* Assigned task *
From the data that follows, print exactly the lines starting at the one containing "Ubc1, Ubc2: 74139; SOIC-16_3.9x9.9mm_P1.27mm" and ending at the one containing "Ucr2: 74257; SOIC-16_3.9x9.9mm_P1.27mm"; include both of them and nothing more.

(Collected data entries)
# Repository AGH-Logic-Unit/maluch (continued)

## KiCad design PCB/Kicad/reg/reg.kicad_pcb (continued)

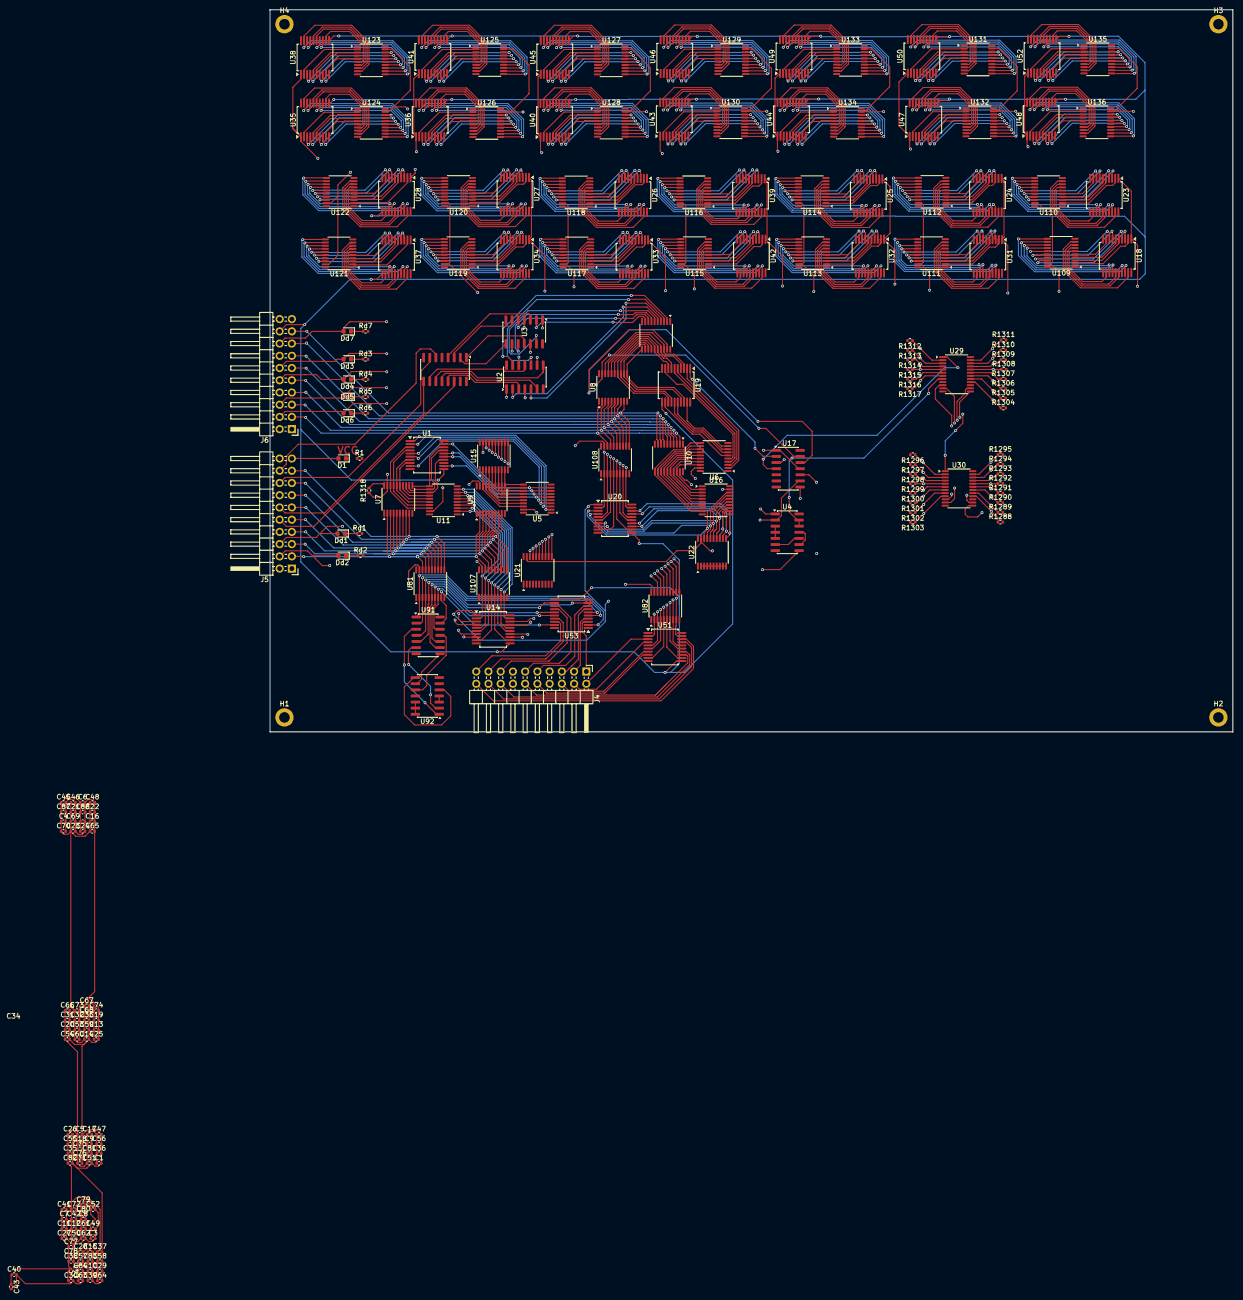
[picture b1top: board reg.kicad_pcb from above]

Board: 6 copper layers, 200.0 x 150.0 mm, 226 parts (0 on the bottom side), 428 nets.

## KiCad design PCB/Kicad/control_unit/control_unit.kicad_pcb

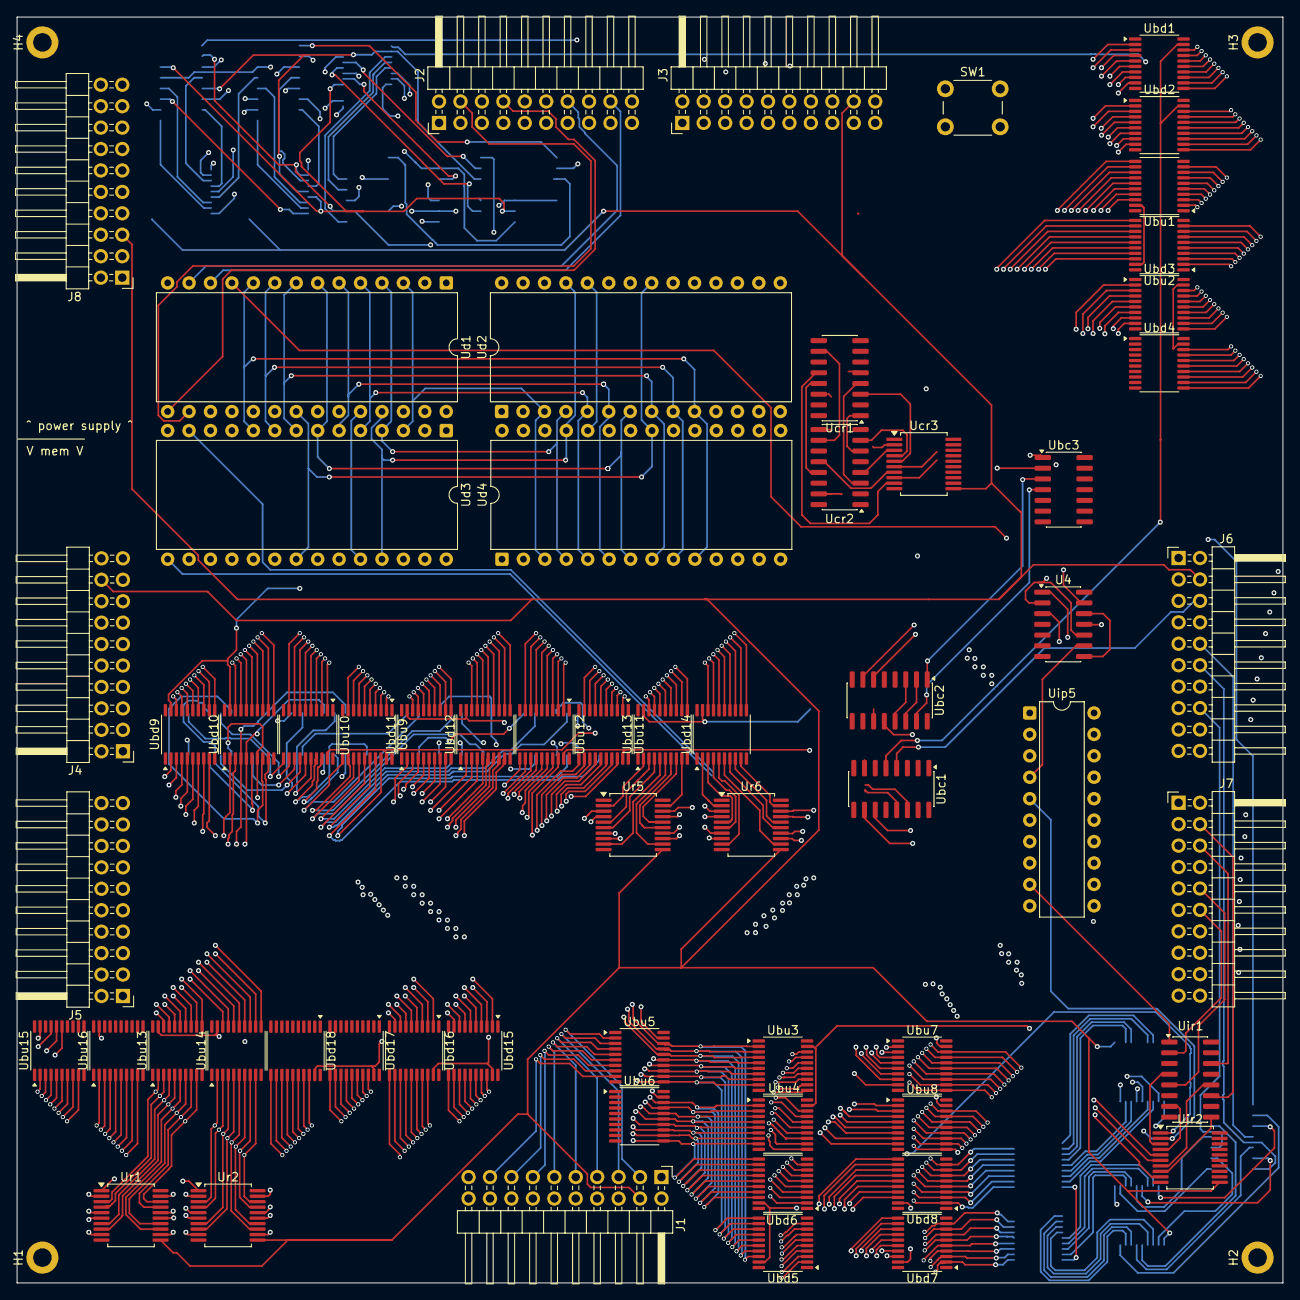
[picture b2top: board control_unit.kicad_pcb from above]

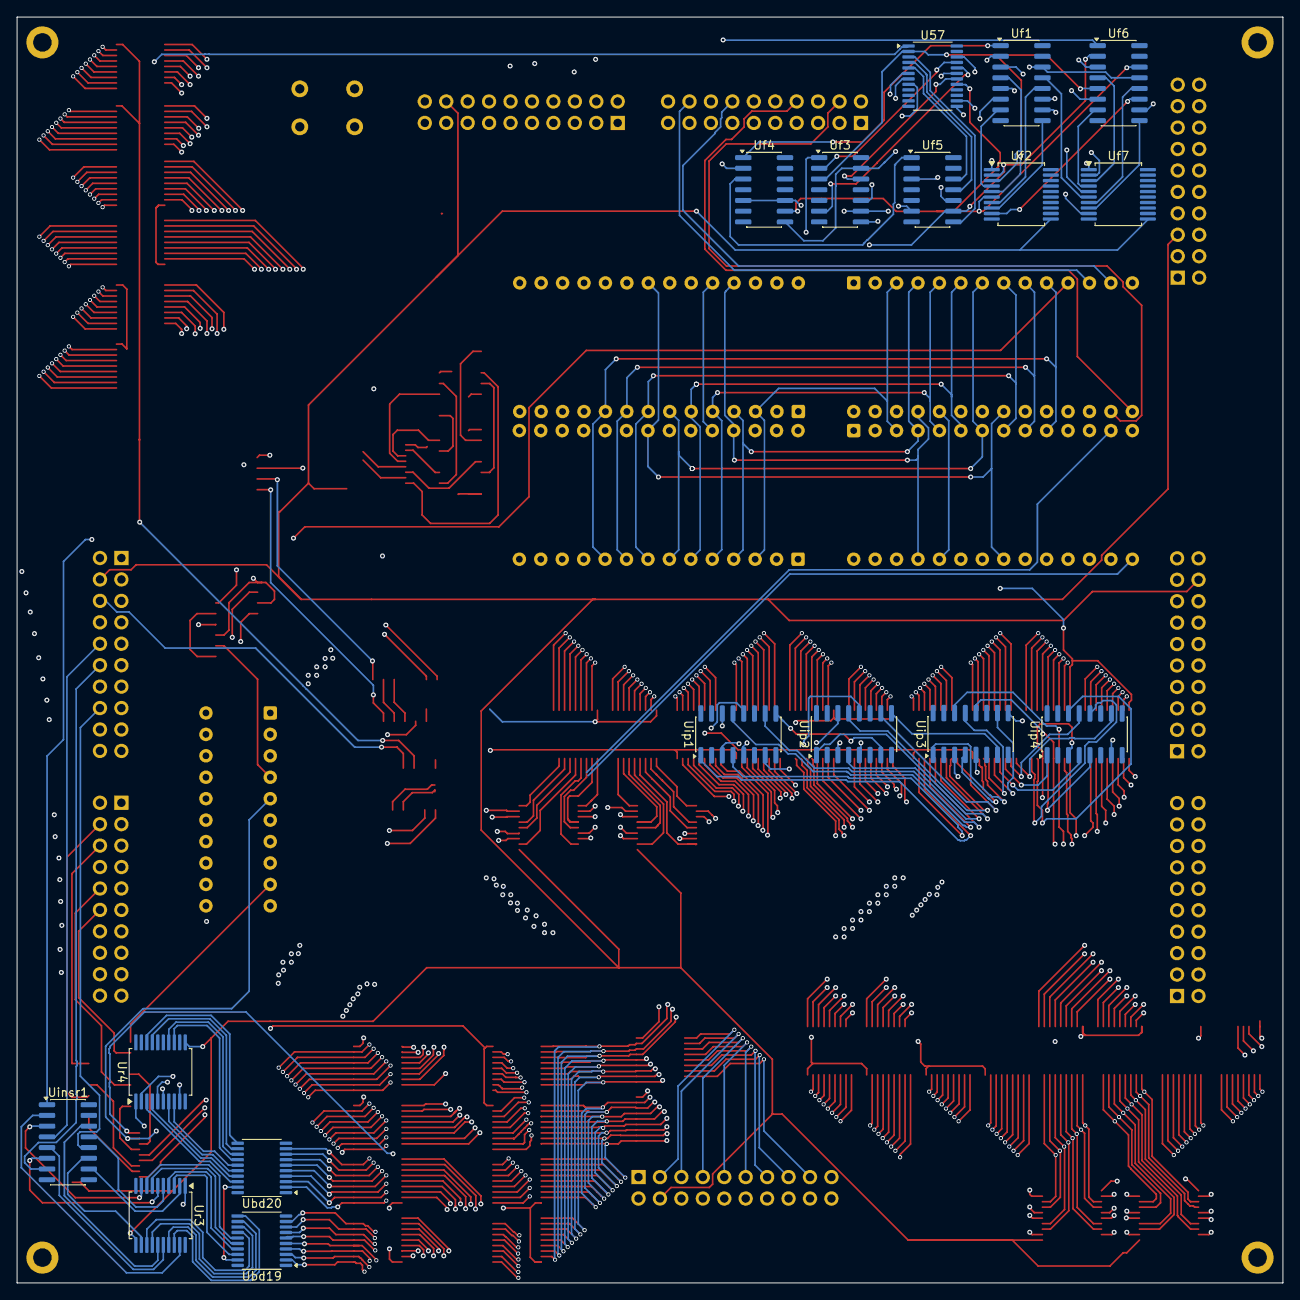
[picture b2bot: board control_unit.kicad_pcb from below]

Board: 6 copper layers, 150.0 x 150.0 mm, 82 parts (17 on the bottom side), 284 nets.

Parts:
H1, H2, H3, H4: MountingHole_Pad; MountingHole_2.2mm_M2_DIN965_Pad
J1, J2, J3, J4, J5, J6, J7, J8: in; PinHeader_2x10_P2.54mm_Horizontal
SW1: SW_Push; SW_PUSH_6mm_H4.3mm
U4: 7408; SO-14_3.9x8.65mm_P1.27mm
U57: 744067; TSSOP-24_4.4x7.8mm_P0.65mm
Ubc1, Ubc2: 74139; SOIC-16_3.9x9.9mm_P1.27mm
Ubc3: 7404; SO-14_3.9x8.65mm_P1.27mm
Ubd1, Ubd2, Ubd3, Ubd4, Ubd5, Ubd6, Ubd7, Ubd8, Ubd9, Ubd10, Ubd11, Ubd12, Ubd13, Ubd14, Ubd15, Ubd16, Ubd17, Ubd18, Ubd19, Ubd20: 74245; TSSOP-20_4.4x6.5mm_P0.65mm
Ubu1, Ubu2, Ubu3, Ubu4, Ubu5, Ubu6, Ubu7, Ubu8, Ubu9, Ubu10, Ubu11, Ubu12, Ubu13, Ubu14, Ubu15, Ubu16: 74245; TSSOP-20_4.4x6.5mm_P0.65mm
Ucr1: 74283; SOIC-16_3.9x9.9mm_P1.27mm
Ucr2: 74257; SOIC-16_3.9x9.9mm_P1.27mm
Ucr3: 74377; SSOP-20_5.3x7.2mm_P0.65mm
Ud1, Ud2, Ud3, Ud4: KM28C64A; DIP-28_W15.24mm
Uf1, Uf6: 74257; SOIC-16_3.9x9.9mm_P1.27mm
Uf2, Uf7: 74377; SSOP-20_5.3x7.2mm_P0.65mm
Uf3: 7404; SO-14_3.9x8.65mm_P1.27mm
Uf4: 7432; SO-14_3.9x8.65mm_P1.27mm
Uf5: 7486; SO-14_3.9x8.65mm_P1.27mm
Uinsr1: 74257; SOIC-16_3.9x9.9mm_P1.27mm
Uip1, Uip2, Uip3, Uip4: 74283; SOIC-16_3.9x9.9mm_P1.27mm
Uip5: ATF16V8Bxx-xxPU; DIP-20_W7.62mm
Uir1: 74257; SOIC-16_3.9x9.9mm_P1.27mm
Uir2: 74377; SSOP-20_5.3x7.2mm_P0.65mm
Ur1, Ur2, Ur3, Ur4, Ur5, Ur6: 74377; SSOP-20_5.3x7.2mm_P0.65mm

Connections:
/ControlUnit/alusrc0: Ubc1.14 (A0), Ud3.13 (I/O2)
/ControlUnit/alusrc1: Ubc1.13 (A1), Ud3.15 (I/O3)
/ControlUnit/buscntrl/srcbus0: Ubd5.18 (B0), Ubu3.2 (A0), Ubu5.18 (B0), Ubu11.18 (B0)
/ControlUnit/buscntrl/srcbus1: Ubd5.17 (B1), Ubu3.3 (A1), Ubu5.17 (B1), Ubu11.17 (B1)
/ControlUnit/buscntrl/srcbus2: Ubd5.16 (B2), Ubu3.4 (A2), Ubu5.16 (B2), Ubu11.16 (B2)
/ControlUnit/buscntrl/srcbus3: Ubd5.15 (B3), Ubu3.5 (A3), Ubu5.15 (B3), Ubu11.15 (B3)
/ControlUnit/buscntrl/srcbus4: Ubd5.14 (B4), Ubu3.6 (A4), Ubu5.14 (B4), Ubu11.14 (B4)
/ControlUnit/buscntrl/srcbus5: Ubd5.13 (B5), Ubu3.7 (A5), Ubu5.13 (B5), Ubu11.13 (B5)
/ControlUnit/buscntrl/srcbus6: Ubd5.12 (B6), Ubu3.8 (A6), Ubu5.12 (B6), Ubu11.12 (B6)
/ControlUnit/buscntrl/srcbus7: Ubd5.11 (B7), Ubu3.9 (A7), Ubu5.11 (B7), Ubu11.11 (B7)
/ControlUnit/buscntrl/srcbus8: Ubd6.18 (B0), Ubu4.2 (A0), Ubu6.18 (B0), Ubu12.18 (B0)
/ControlUnit/buscntrl/srcbus9: Ubd6.17 (B1), Ubu4.3 (A1), Ubu6.17 (B1), Ubu12.17 (B1)
/ControlUnit/buscntrl/srcbus10: Ubd6.16 (B2), Ubu4.4 (A2), Ubu6.16 (B2), Ubu12.16 (B2)
/ControlUnit/buscntrl/srcbus11: Ubd6.15 (B3), Ubu4.5 (A3), Ubu6.15 (B3), Ubu12.15 (B3)
/ControlUnit/buscntrl/srcbus12: Ubd6.14 (B4), Ubu4.6 (A4), Ubu6.14 (B4), Ubu12.14 (B4)
/ControlUnit/buscntrl/srcbus13: Ubd6.13 (B5), Ubu4.7 (A5), Ubu6.13 (B5), Ubu12.13 (B5)
/ControlUnit/buscntrl/srcbus14: Ubd6.12 (B6), Ubu4.8 (A6), Ubu6.12 (B6), Ubu12.12 (B6)
/ControlUnit/buscntrl/srcbus15: Ubd6.11 (B7), Ubu4.9 (A7), Ubu6.11 (B7), Ubu12.11 (B7)
/ControlUnit/buscntrl/~alu_membusen: Ubc1.11 (O1), Ubd7.19 (CE), Ubd8.19 (CE)
/ControlUnit/buscntrl/~alu_regbusen: Ubc1.10 (O2), Ubu7.19 (CE), Ubu8.19 (CE)
/ControlUnit/buscntrl/~mem_ipen: Ubc2.5 (O1), Ubd9.19 (CE), Ubd10.19 (CE)
/ControlUnit/buscntrl/~mem_ipnexten: Ubc2.6 (O2), Ubu9.19 (CE), Ubu10.19 (CE)
/ControlUnit/buscntrl/~mem_regbusen: Ubc2.7 (O3), Ubd11.19 (CE), Ubd12.19 (CE)
/ControlUnit/buscntrl/~mem_srcbusen: Ubc2.12 (O0), Ubu11.19 (CE), Ubu12.19 (CE)
/ControlUnit/buscntrl/~mem_tempregen: Ubc2.11 (O1), Ubd13.19 (CE), Ubd14.19 (CE)
/ControlUnit/buscntrl/~memsrc2: Ubc2.15 (E), Ubc3.4
/ControlUnit/buscntrl/~reg_alubusen: Ubc1.6 (O2), Ubu1.19 (CE), Ubu2.19 (CE)
/ControlUnit/buscntrl/~reg_iobusen: Ubc1.7 (O3), Ubd3.19 (CE), Ubd4.19 (CE)
/ControlUnit/buscntrl/~reg_membusen: Ubc1.5 (O1), Ubd1.19 (CE), Ubd2.19 (CE)
/ControlUnit/buscntrl/~src_regbusen: Ubc3.2, Ubu3.19 (CE), Ubu4.19 (CE)
/ControlUnit/cycle0: Ucr1.5 (A1), Ucr3.2 (Q0), Ud1.7 (A3), Ud2.7 (A3), Ud3.7 (A3), Ud4.7 (A3)
/ControlUnit/cycle1: Ucr1.3 (A2), Ucr3.5 (Q1), Ud1.6 (A4), Ud2.6 (A4), Ud3.6 (A4), Ud4.6 (A4)
/ControlUnit/cycle2: Ucr1.14 (A3), Ucr3.6 (Q2), Ud1.5 (A5), Ud2.5 (A5), Ud3.5 (A5), Ud4.5 (A5)
/ControlUnit/cycle3: Ucr1.12 (A4), Ucr3.9 (Q3), Ud1.4 (A6), Ud2.4 (A6), Ud3.4 (A6), Ud4.4 (A6)
/ControlUnit/flags/c: U57.17 (I14), Uf2.6 (Q2), Uf3.5, Uf4.9, Uf6.14 (I0c)
/ControlUnit/flags/nc: U57.20 (I11), Uf3.6
/ControlUnit/flags/no: U57.16 (I15), Uf3.4
/ControlUnit/flags/ns: U57.21 (I10), Uf3.2
/ControlUnit/flags/nz: U57.7 (I2), Uf3.8
/ControlUnit/flags/o: U57.2 (I7), Uf2.5 (Q1), Uf3.3, Uf5.10, Uf6.5 (I0b)
/ControlUnit/flags/s: U57.22 (I9), Uf2.2 (Q0), Uf3.1, Uf5.9, Uf6.2 (I0a)
/ControlUnit/flags/savedc: Uf1.13 (I1c), Uf7.6 (Q2)
/ControlUnit/flags/savedo: Uf1.6 (I1b), Uf7.5 (Q1)
/ControlUnit/flags/saveds: Uf1.3 (I1a), Uf7.2 (Q0)
/ControlUnit/flags/savedz: Uf1.10 (I1d), Uf7.9 (Q3)
/ControlUnit/flags/z: U57.8 (I1), Uf2.9 (Q3), Uf3.9, Uf4.5, Uf4.10, Uf6.11 (I0d)
/ControlUnit/flwe: Ud2.18 (I/O6), Uf4.2, Uf6.1 (S)
/ControlUnit/instructionregister/buffer_down/out0: Ubd19.18 (B0), Ur3.3 (D0)
/ControlUnit/instructionregister/buffer_down/out1: Ubd19.17 (B1), Ur3.4 (D1)
/ControlUnit/instructionregister/buffer_down/out2: Ubd19.16 (B2), Ur3.7 (D2)
/ControlUnit/instructionregister/buffer_down/out3: Ubd19.15 (B3), Ur3.8 (D3)
/ControlUnit/instructionregister/buffer_down/out4: Ubd19.14 (B4), Ur3.13 (D4)
/ControlUnit/instructionregister/buffer_down/out5: Ubd19.13 (B5), Ur3.14 (D5)
/ControlUnit/instructionregister/buffer_down/out6: Ubd19.12 (B6), Ur3.17 (D6)
/ControlUnit/instructionregister/buffer_down/out7: Ubd19.11 (B7), Ur3.18 (D7)
/ControlUnit/instructionregister/buffer_down/out8: Ubd20.18 (B0), Ur4.3 (D0)
/ControlUnit/instructionregister/buffer_down/out9: Ubd20.17 (B1), Ur4.4 (D1)
/ControlUnit/instructionregister/buffer_down/out10: Ubd20.16 (B2), Ur4.7 (D2)
/ControlUnit/instructionregister/buffer_down/out11: Ubd20.15 (B3), Ur4.8 (D3)
/ControlUnit/instructionregister/buffer_down/out12: Ubd20.14 (B4), Ur4.13 (D4)
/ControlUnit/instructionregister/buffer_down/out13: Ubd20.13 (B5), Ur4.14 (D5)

* Task response *
Ubc1, Ubc2: 74139; SOIC-16_3.9x9.9mm_P1.27mm
Ubc3: 7404; SO-14_3.9x8.65mm_P1.27mm
Ubd1, Ubd2, Ubd3, Ubd4, Ubd5, Ubd6, Ubd7, Ubd8, Ubd9, Ubd10, Ubd11, Ubd12, Ubd13, Ubd14, Ubd15, Ubd16, Ubd17, Ubd18, Ubd19, Ubd20: 74245; TSSOP-20_4.4x6.5mm_P0.65mm
Ubu1, Ubu2, Ubu3, Ubu4, Ubu5, Ubu6, Ubu7, Ubu8, Ubu9, Ubu10, Ubu11, Ubu12, Ubu13, Ubu14, Ubu15, Ubu16: 74245; TSSOP-20_4.4x6.5mm_P0.65mm
Ucr1: 74283; SOIC-16_3.9x9.9mm_P1.27mm
Ucr2: 74257; SOIC-16_3.9x9.9mm_P1.27mm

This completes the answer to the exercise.